Title Normalization for CBZ Series Numbers
For CBZ files, titles with volume notation (e.g., Series Name #7, Series Name Vol. 7) are normalized to the canonical Series Name v007 form so books sort correctly by volume. This normalization applies only to titles that came from File metadata or Filepath sources. Titles from Manual, Sidecar, or Plugin sources are stored verbatim — if a plugin search result shows Naruto v1 and you apply it, the stored title stays Naruto v1 instead of being rewritten.
Series Number Unit (CBZ)
CBZ books have an additional field — series number unit — that records whether the series number refers to a volume or a chapter. This matters for manga and comics where chapter numbering is common alongside traditional volume numbering.

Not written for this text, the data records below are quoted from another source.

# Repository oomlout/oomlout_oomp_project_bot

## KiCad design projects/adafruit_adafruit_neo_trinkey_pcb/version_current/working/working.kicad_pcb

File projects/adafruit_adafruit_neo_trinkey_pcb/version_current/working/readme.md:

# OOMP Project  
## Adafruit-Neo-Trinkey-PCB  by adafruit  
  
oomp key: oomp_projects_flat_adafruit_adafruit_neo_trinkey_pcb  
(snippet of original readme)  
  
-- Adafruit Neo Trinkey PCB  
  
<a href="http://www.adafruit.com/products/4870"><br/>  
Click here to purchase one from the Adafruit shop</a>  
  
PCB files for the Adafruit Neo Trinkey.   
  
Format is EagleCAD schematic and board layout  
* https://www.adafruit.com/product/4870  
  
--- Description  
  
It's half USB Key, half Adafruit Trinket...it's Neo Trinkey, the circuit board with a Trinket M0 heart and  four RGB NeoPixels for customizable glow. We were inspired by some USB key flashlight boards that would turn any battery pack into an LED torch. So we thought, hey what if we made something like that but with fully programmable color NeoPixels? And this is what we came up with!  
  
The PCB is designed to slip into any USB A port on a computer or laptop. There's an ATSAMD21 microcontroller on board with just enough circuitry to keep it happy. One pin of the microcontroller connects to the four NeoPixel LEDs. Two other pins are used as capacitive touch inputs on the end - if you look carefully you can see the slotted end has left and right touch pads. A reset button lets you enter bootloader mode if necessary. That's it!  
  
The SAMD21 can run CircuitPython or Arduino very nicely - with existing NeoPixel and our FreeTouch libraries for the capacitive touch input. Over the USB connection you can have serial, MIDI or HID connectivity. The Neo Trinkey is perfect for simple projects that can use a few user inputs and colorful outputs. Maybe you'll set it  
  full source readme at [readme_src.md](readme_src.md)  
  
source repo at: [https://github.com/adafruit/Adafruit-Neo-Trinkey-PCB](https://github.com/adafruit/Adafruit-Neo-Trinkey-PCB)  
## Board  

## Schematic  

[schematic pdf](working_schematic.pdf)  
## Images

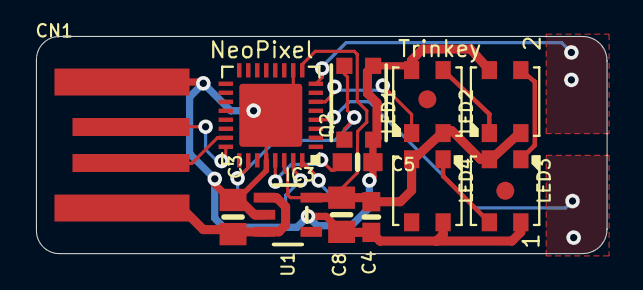
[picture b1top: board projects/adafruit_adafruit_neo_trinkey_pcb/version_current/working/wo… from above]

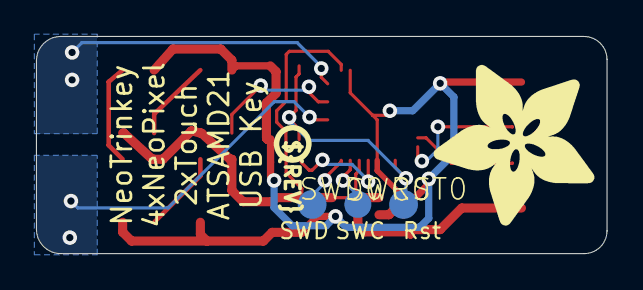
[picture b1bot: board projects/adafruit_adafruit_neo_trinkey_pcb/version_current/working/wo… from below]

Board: 2 copper layers, 31.7 x 12.1 mm, 19 parts (5 on the bottom side), 13 nets.

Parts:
C3, C8: 10uF; 0805-NO
C4, C5: 1uF; 0603-NO
CN1: USBA_PCB
FID1, FID2: FIDUCIAL_1MM
IC3: ATSAMD21E; QFN32_5MM
LED1, LED2, LED3, LED4: WS2812B3535; LED3535
Q2: reset; BTN_KMR2_4.6X2.8
RST0: TPTP16R; TP16R
SWC0: TPTP15R; TP15R
SWD0: TPTP16R; TP16R
U1: AP2112K-3.3; SOT23-5
U$8: PCBFEAT-REV-040
U$10: ADAFRUIT_9MM

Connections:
3.3V: C4.1, C8.1, IC3.9, IC3.30, LED1.2, LED2.2, LED3.2, LED4.2, U1.5
D+: CN1.USB_PLUS, IC3.24
D-: CN1.USB_NEG, IC3.23
GND: C3.2, C4.2, C5.2, C8.2, CN1.GND, IC3.10, IC3.28, IC3.33, LED1.4, LED2.4, LED3.4, LED4.4, Q2.B, Q2.B', U1.2
unnamed: LED1.3, LED2.1
unnamed: LED2.3, LED3.1
unnamed: LED3.3, LED4.1
NEOPIX: IC3.6, LED1.1
SWCLK: IC3.31, SWC0.TP
SWDIO: IC3.32, SWD0.TP
VBUS: C3.1, CN1.VCC, U1.1, U1.3
VDDCORE1: C5.1, IC3.29
~RESET: IC3.26, Q2.A, Q2.A', RST0.TP

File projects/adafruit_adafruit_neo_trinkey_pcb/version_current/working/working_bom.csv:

Row,Description,Part,References,Value,Footprint,Quantity Per PCB,Status,Datasheet
1,,CAP_CERAMIC0603_NO,C4 C5,1uF,0603-NO,2, ,
2,,CAP_CERAMIC0805-NOOUTLINE,C3 C8,10uF,0805-NO,2, ,
3,,USB_TYPEAPCB,CN1,USB_TYPEAPCB,USBA_PCB,1, ,
4,,ATSAMD21E,IC3,ATSAMD21E,QFN32_5MM,1, ,
5,,WS2812B3535,LED1 LED2 LED3 LED4,WS2812B3535,LED3535,4, ,
6,,SWITCH_TACT_SMT4.6X2.8,Q2,reset,BTN_KMR2_4.6X2.8,1, ,
7,,TPTP16R,RST0 SWD0,TPTP16R,TP16R,2, ,
8,,TPTP15R,SWC0,TPTP15R,TP15R,1, ,
9,,VREG_SOT23-5,U1,AP2112K-3.3,SOT23-5,1, ,





Project info:
Schematic:,working
Variant:,default
Revision:,
Date:,2023-08-03_17-21-22
KiCad Version:,7.0.6-7.0.6~ubuntu22.04.1
Statistics:
Component Groups:,9
Component Count:,15 (0 SMD/ 0 THT)
Fitted Components:,15 (0 SMD/ 0 THT)
Number of PCBs:,1
Total Components:,15

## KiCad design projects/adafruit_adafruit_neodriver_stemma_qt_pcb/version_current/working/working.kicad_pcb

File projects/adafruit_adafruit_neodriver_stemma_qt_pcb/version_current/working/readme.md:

# Adafruit-NeoDriver-STEMMA-QT-PCB by adafruit  
This is a harvested standardized copy of a project from github.  
The original project can be found at:  
https://github.com/adafruit/Adafruit-NeoDriver-STEMMA-QT-PCB  
Please consult that link for additional, details, files, and license information.  
Note: It was auto harvested and if the original repo had more than one board file or anything out of the ordinary the files here are likely not representative.

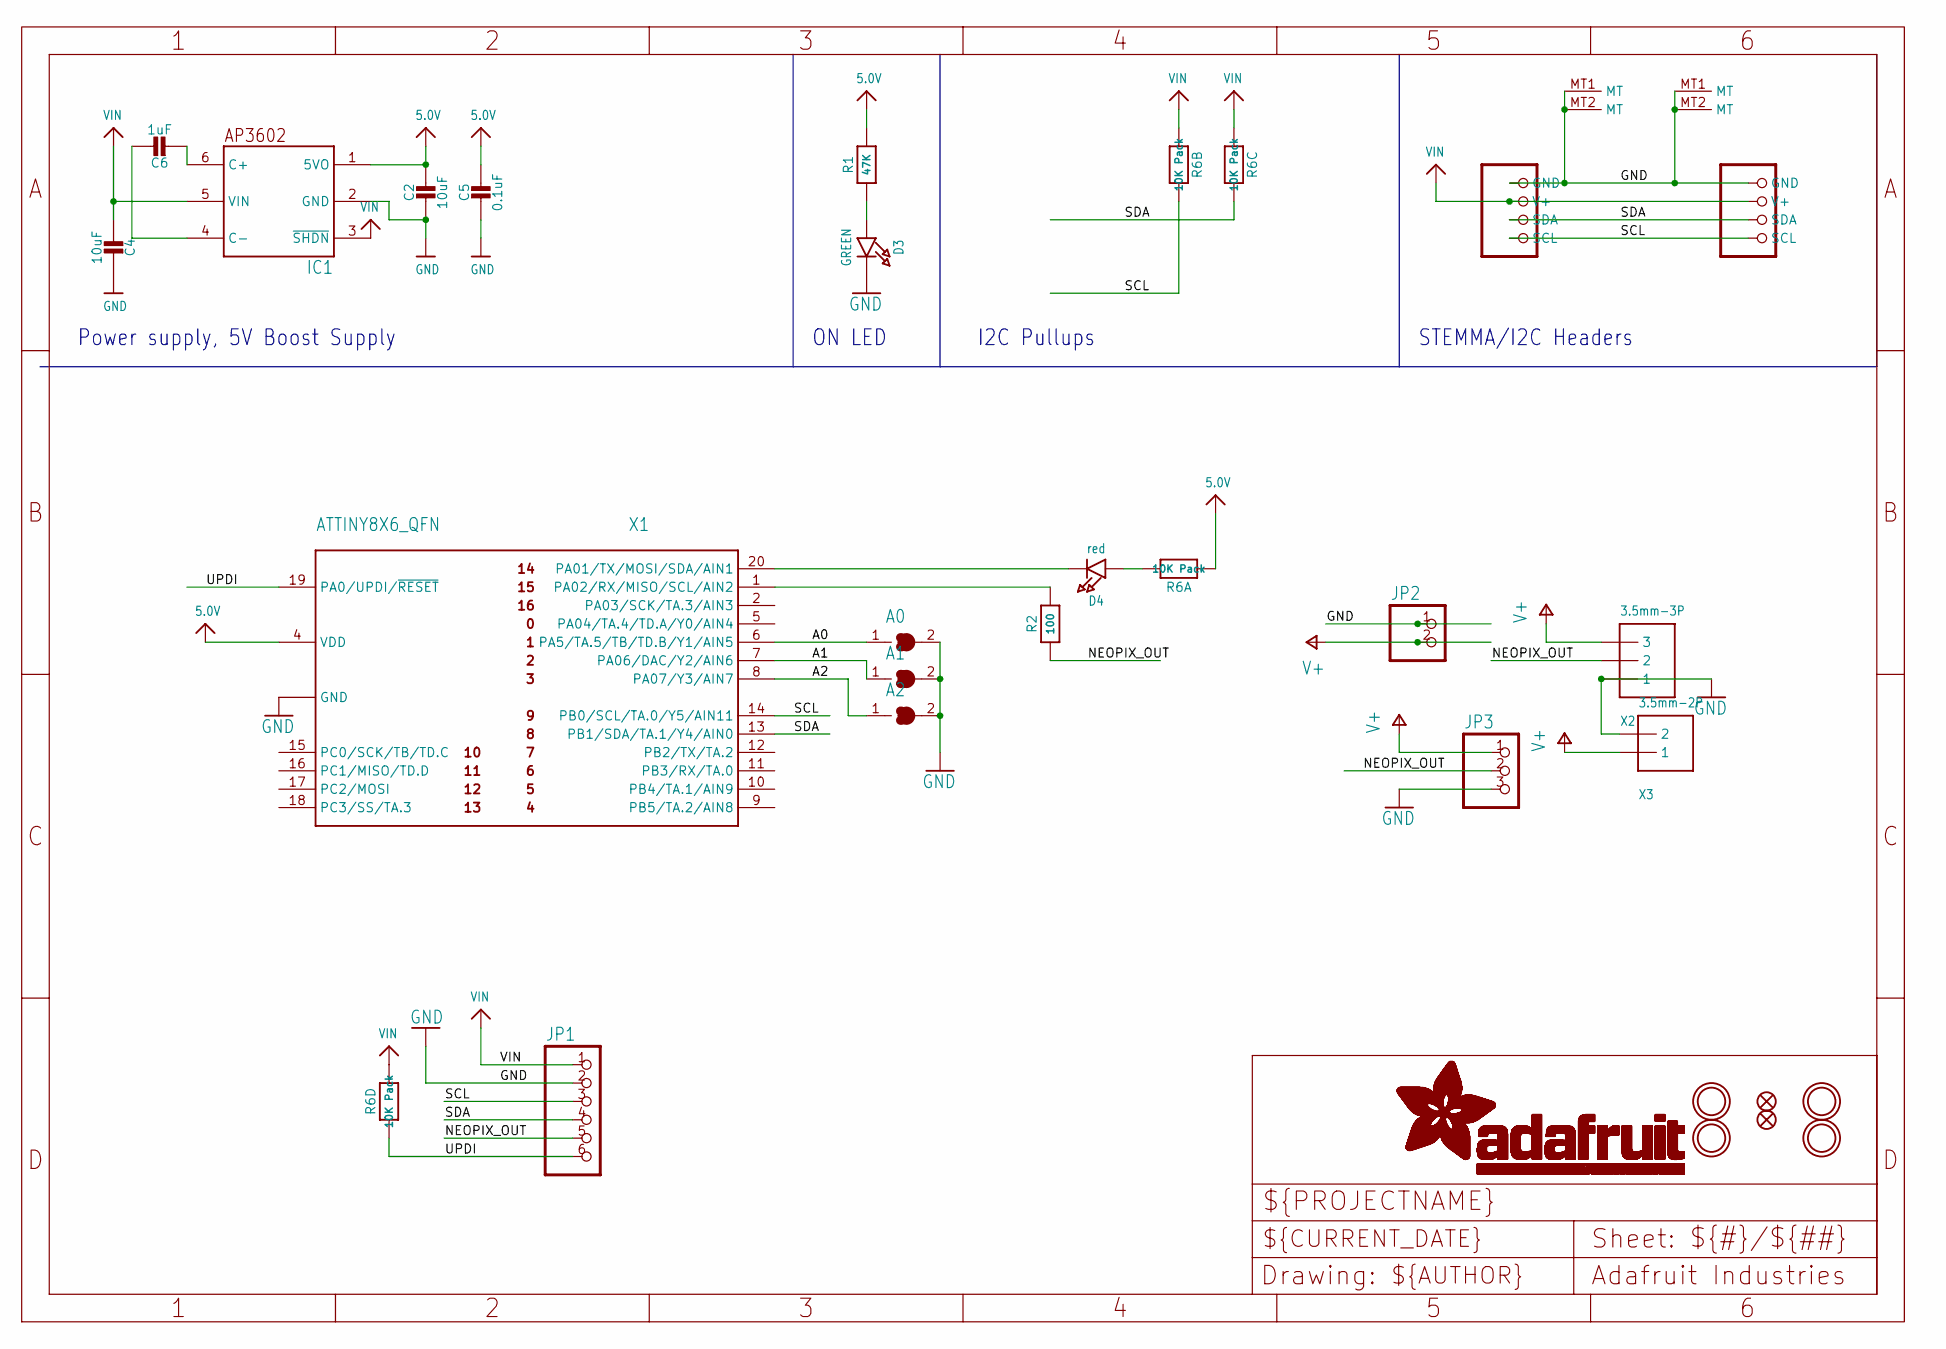
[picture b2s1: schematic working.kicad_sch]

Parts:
A0, A1, A2: SOLDERJUMPER_CLOSED; SOLDERJUMPER_CLOSEDWIRE
C2, C4: 10uF; 0805-NO
C5: 0.1uF; 0603-NO
C6: 1uF; 0603-NO
CONN3, CONN4: STEMMA_I2C_QT; JST_SH4
D3: GREEN; CHIPLED_0603_NOOUTLINE
D4: red; CHIPLED_0603_NOOUTLINE
FID1, FID2: FIDUCIAL_1MM
IC1: AP3602; SOT23-6
JP1: HEADER-1X670MIL; 1X06_ROUND_70
JP2: HEADER-1X2ROUND; 1X02_ROUND
JP3: HEADER-1X3ROUND; 1X03_ROUND
R1: 47K; 0603-NO
R2: 100; 0603-NO
R6: 10K Pack; RESPACK_4X0603
U$1, U$6, U$9, U$18: MOUNTINGHOLE2.5; MOUNTINGHOLE_2.5_PLATED
X1: ATTINY8X6_QFN; QFN20_3MM
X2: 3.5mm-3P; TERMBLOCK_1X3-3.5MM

How it's set automatically: The scanner reads the indicator embedded in the CBZ filename:
| Filename pattern | Unit |
|---|---|
Title v01.cbz, Title Vol.5.cbz, Title volume 12.cbz | volume |
Title #001.cbz, Title 5.cbz (bare number) | volume (default) |
Title Ch.5.cbz, Title chapter 5.cbz, Title c042.cbz | chapter |
Ambiguous indicators (#001, bare trailing numbers) default to volume to preserve historical behavior.
Other sources: Plugin metadata and sidecar files can also supply the unit via a unit field on the series entry. Manual edits via the book edit dialog let you change the unit using the unit dropdown next to the series number field.
CBZ books with no unit set render as volumes for backward compatibility — the unit field being null is treated the same as volume in the reader and in file organization.
Other formats: EPUB, M4B, and PDF don't use this field. Their series numbering is always implicit (the number alone is sufficient without a volume/chapter distinction).
Content fingerprints
Shisho stores a sha256 hash of every file's contents to preserve file identity across renames and moves. See File Fingerprints for details on how move detection works and how the feature degrades when the monitor isn't running.